■ Task description ■
An image-free, verbatim transcription of the records is the expected result.

Start of Block

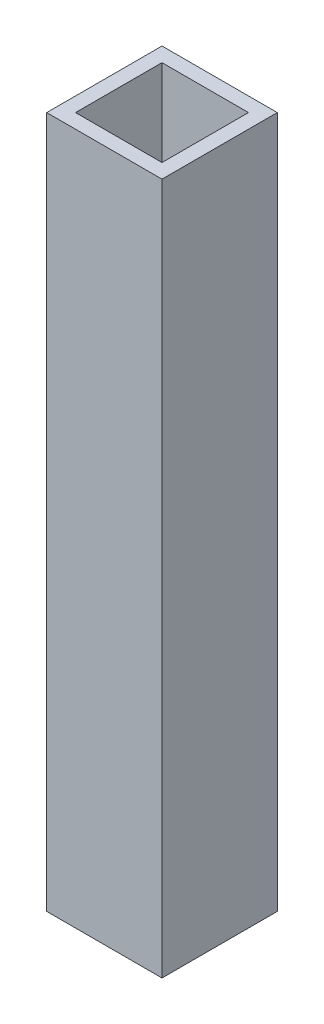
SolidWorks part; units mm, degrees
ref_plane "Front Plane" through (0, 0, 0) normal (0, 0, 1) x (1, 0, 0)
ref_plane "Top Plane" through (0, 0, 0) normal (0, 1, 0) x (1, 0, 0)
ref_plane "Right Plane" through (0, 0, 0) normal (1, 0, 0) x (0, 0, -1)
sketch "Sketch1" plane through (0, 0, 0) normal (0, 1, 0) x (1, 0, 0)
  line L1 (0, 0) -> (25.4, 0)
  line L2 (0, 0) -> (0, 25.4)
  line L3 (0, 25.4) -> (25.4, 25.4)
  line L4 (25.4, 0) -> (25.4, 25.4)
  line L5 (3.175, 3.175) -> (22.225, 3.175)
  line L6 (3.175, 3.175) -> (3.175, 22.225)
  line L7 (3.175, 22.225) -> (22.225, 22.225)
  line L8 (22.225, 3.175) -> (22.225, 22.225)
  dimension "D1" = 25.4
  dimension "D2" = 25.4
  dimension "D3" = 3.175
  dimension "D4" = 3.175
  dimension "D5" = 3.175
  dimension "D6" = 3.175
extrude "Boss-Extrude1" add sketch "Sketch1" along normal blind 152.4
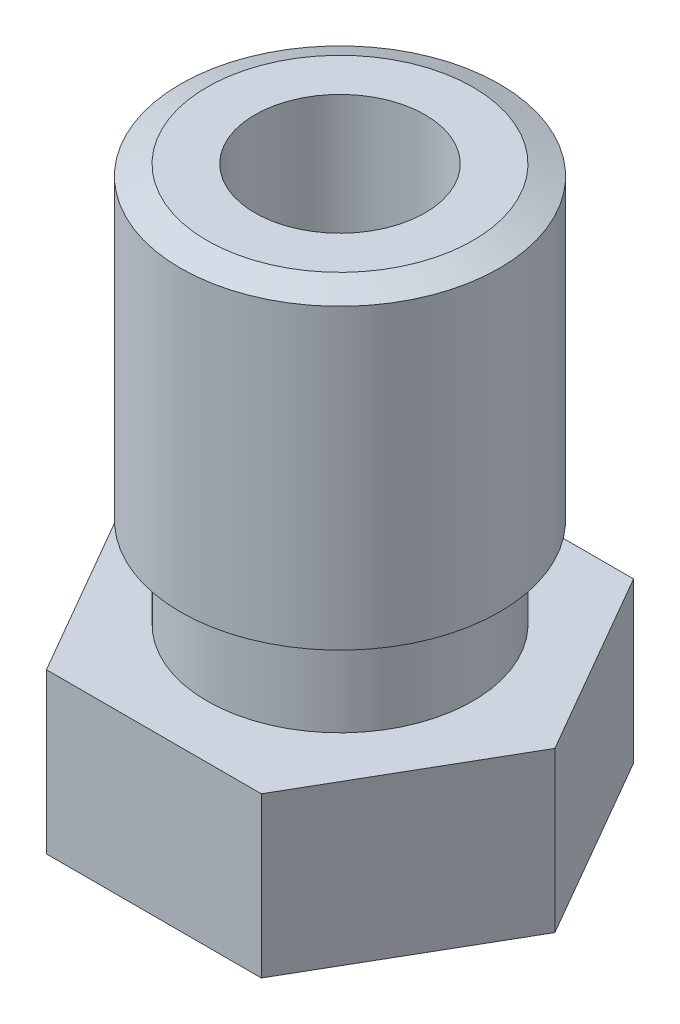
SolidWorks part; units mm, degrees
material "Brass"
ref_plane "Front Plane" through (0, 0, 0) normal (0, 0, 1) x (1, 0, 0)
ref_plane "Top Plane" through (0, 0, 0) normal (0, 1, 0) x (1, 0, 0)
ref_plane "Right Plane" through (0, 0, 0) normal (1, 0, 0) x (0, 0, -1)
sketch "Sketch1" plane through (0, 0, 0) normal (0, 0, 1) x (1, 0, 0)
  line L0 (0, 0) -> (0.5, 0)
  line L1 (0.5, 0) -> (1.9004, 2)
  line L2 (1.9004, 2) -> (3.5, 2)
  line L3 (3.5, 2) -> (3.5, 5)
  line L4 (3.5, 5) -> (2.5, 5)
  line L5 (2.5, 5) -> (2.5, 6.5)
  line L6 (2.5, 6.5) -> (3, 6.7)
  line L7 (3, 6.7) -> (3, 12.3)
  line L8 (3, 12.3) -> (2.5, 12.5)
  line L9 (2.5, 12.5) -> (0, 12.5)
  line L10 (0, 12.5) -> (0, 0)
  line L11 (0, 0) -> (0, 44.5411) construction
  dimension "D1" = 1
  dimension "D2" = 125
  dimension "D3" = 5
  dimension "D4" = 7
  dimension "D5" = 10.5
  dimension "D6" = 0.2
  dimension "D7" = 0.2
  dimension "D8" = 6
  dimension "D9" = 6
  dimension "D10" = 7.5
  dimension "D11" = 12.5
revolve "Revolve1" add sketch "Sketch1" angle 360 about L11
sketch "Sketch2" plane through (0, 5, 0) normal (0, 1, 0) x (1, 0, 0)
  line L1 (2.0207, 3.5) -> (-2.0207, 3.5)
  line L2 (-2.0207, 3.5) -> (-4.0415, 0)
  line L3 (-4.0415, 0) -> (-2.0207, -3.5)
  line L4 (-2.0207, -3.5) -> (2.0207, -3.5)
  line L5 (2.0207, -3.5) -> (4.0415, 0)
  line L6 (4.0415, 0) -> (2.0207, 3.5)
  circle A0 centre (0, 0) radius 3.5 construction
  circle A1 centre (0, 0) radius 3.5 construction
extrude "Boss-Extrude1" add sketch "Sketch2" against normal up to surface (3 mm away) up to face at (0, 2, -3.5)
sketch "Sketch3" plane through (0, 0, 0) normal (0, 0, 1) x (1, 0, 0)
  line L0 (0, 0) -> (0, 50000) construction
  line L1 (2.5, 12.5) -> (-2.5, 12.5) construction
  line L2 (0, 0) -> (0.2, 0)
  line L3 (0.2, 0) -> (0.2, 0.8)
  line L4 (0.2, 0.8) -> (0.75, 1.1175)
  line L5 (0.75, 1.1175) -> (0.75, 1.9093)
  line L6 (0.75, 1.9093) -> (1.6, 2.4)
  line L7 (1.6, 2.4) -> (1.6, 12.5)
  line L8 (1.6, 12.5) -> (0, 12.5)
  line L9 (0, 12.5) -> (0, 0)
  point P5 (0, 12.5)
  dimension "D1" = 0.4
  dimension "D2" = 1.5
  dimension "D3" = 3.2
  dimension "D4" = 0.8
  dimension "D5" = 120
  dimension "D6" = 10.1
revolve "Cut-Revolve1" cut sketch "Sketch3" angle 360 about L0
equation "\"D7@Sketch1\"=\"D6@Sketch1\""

End of Block

■ Solution for this exercise ■
SolidWorks part; units mm, degrees
ref_plane "Front Plane" through (0, 0, 0) normal (0, 0, 1) x (1, 0, 0)
ref_plane "Top Plane" through (0, 0, 0) normal (0, 1, 0) x (1, 0, 0)
ref_plane "Right Plane" through (0, 0, 0) normal (1, 0, 0) x (0, 0, -1)
sketch "Sketch1" plane through (0, 0, 0) normal (0, 1, 0) x (1, 0, 0)
  line L1 (0, 0) -> (25.4, 0)
  line L2 (0, 0) -> (0, 25.4)
  line L3 (0, 25.4) -> (25.4, 25.4)
  line L4 (25.4, 0) -> (25.4, 25.4)
  line L5 (3.175, 3.175) -> (22.225, 3.175)
  line L6 (3.175, 3.175) -> (3.175, 22.225)
  line L7 (3.175, 22.225) -> (22.225, 22.225)
  line L8 (22.225, 3.175) -> (22.225, 22.225)
  dimension "D1" = 25.4
  dimension "D2" = 25.4
  dimension "D3" = 3.175
  dimension "D4" = 3.175
  dimension "D5" = 3.175
  dimension "D6" = 3.175
extrude "Boss-Extrude1" add sketch "Sketch1" along normal blind 152.4
SolidWorks part; units mm, degrees
material "Brass"
ref_plane "Front Plane" through (0, 0, 0) normal (0, 0, 1) x (1, 0, 0)
ref_plane "Top Plane" through (0, 0, 0) normal (0, 1, 0) x (1, 0, 0)
ref_plane "Right Plane" through (0, 0, 0) normal (1, 0, 0) x (0, 0, -1)
sketch "Sketch1" plane through (0, 0, 0) normal (0, 0, 1) x (1, 0, 0)
  line L0 (0, 0) -> (0.5, 0)
  line L1 (0.5, 0) -> (1.9004, 2)
  line L2 (1.9004, 2) -> (3.5, 2)
  line L3 (3.5, 2) -> (3.5, 5)
  line L4 (3.5, 5) -> (2.5, 5)
  line L5 (2.5, 5) -> (2.5, 6.5)
  line L6 (2.5, 6.5) -> (3, 6.7)
  line L7 (3, 6.7) -> (3, 12.3)
  line L8 (3, 12.3) -> (2.5, 12.5)
  line L9 (2.5, 12.5) -> (0, 12.5)
  line L10 (0, 12.5) -> (0, 0)
  line L11 (0, 0) -> (0, 44.5411) construction
  dimension "D1" = 1
  dimension "D2" = 125
  dimension "D3" = 5
  dimension "D4" = 7
  dimension "D5" = 10.5
  dimension "D6" = 0.2
  dimension "D7" = 0.2
  dimension "D8" = 6
  dimension "D9" = 6
  dimension "D10" = 7.5
  dimension "D11" = 12.5
revolve "Revolve1" add sketch "Sketch1" angle 360 about L11
sketch "Sketch2" plane through (0, 5, 0) normal (0, 1, 0) x (1, 0, 0)
  line L1 (2.0207, 3.5) -> (-2.0207, 3.5)
  line L2 (-2.0207, 3.5) -> (-4.0415, 0)
  line L3 (-4.0415, 0) -> (-2.0207, -3.5)
  line L4 (-2.0207, -3.5) -> (2.0207, -3.5)
  line L5 (2.0207, -3.5) -> (4.0415, 0)
  line L6 (4.0415, 0) -> (2.0207, 3.5)
  circle A0 centre (0, 0) radius 3.5 construction
  circle A1 centre (0, 0) radius 3.5 construction
extrude "Boss-Extrude1" add sketch "Sketch2" against normal up to surface (3 mm away) up to face at (0, 2, -3.5)
sketch "Sketch3" plane through (0, 0, 0) normal (0, 0, 1) x (1, 0, 0)
  line L0 (0, 0) -> (0, 50000) construction
  line L1 (2.5, 12.5) -> (-2.5, 12.5) construction
  line L2 (0, 0) -> (0.2, 0)
  line L3 (0.2, 0) -> (0.2, 0.8)
  line L4 (0.2, 0.8) -> (0.75, 1.1175)
  line L5 (0.75, 1.1175) -> (0.75, 1.9093)
  line L6 (0.75, 1.9093) -> (1.6, 2.4)
  line L7 (1.6, 2.4) -> (1.6, 12.5)
  line L8 (1.6, 12.5) -> (0, 12.5)
  line L9 (0, 12.5) -> (0, 0)
  point P5 (0, 12.5)
  dimension "D1" = 0.4
  dimension "D2" = 1.5
  dimension "D3" = 3.2
  dimension "D4" = 0.8
  dimension "D5" = 120
  dimension "D6" = 10.1
revolve "Cut-Revolve1" cut sketch "Sketch3" angle 360 about L0
equation "\"D7@Sketch1\"=\"D6@Sketch1\""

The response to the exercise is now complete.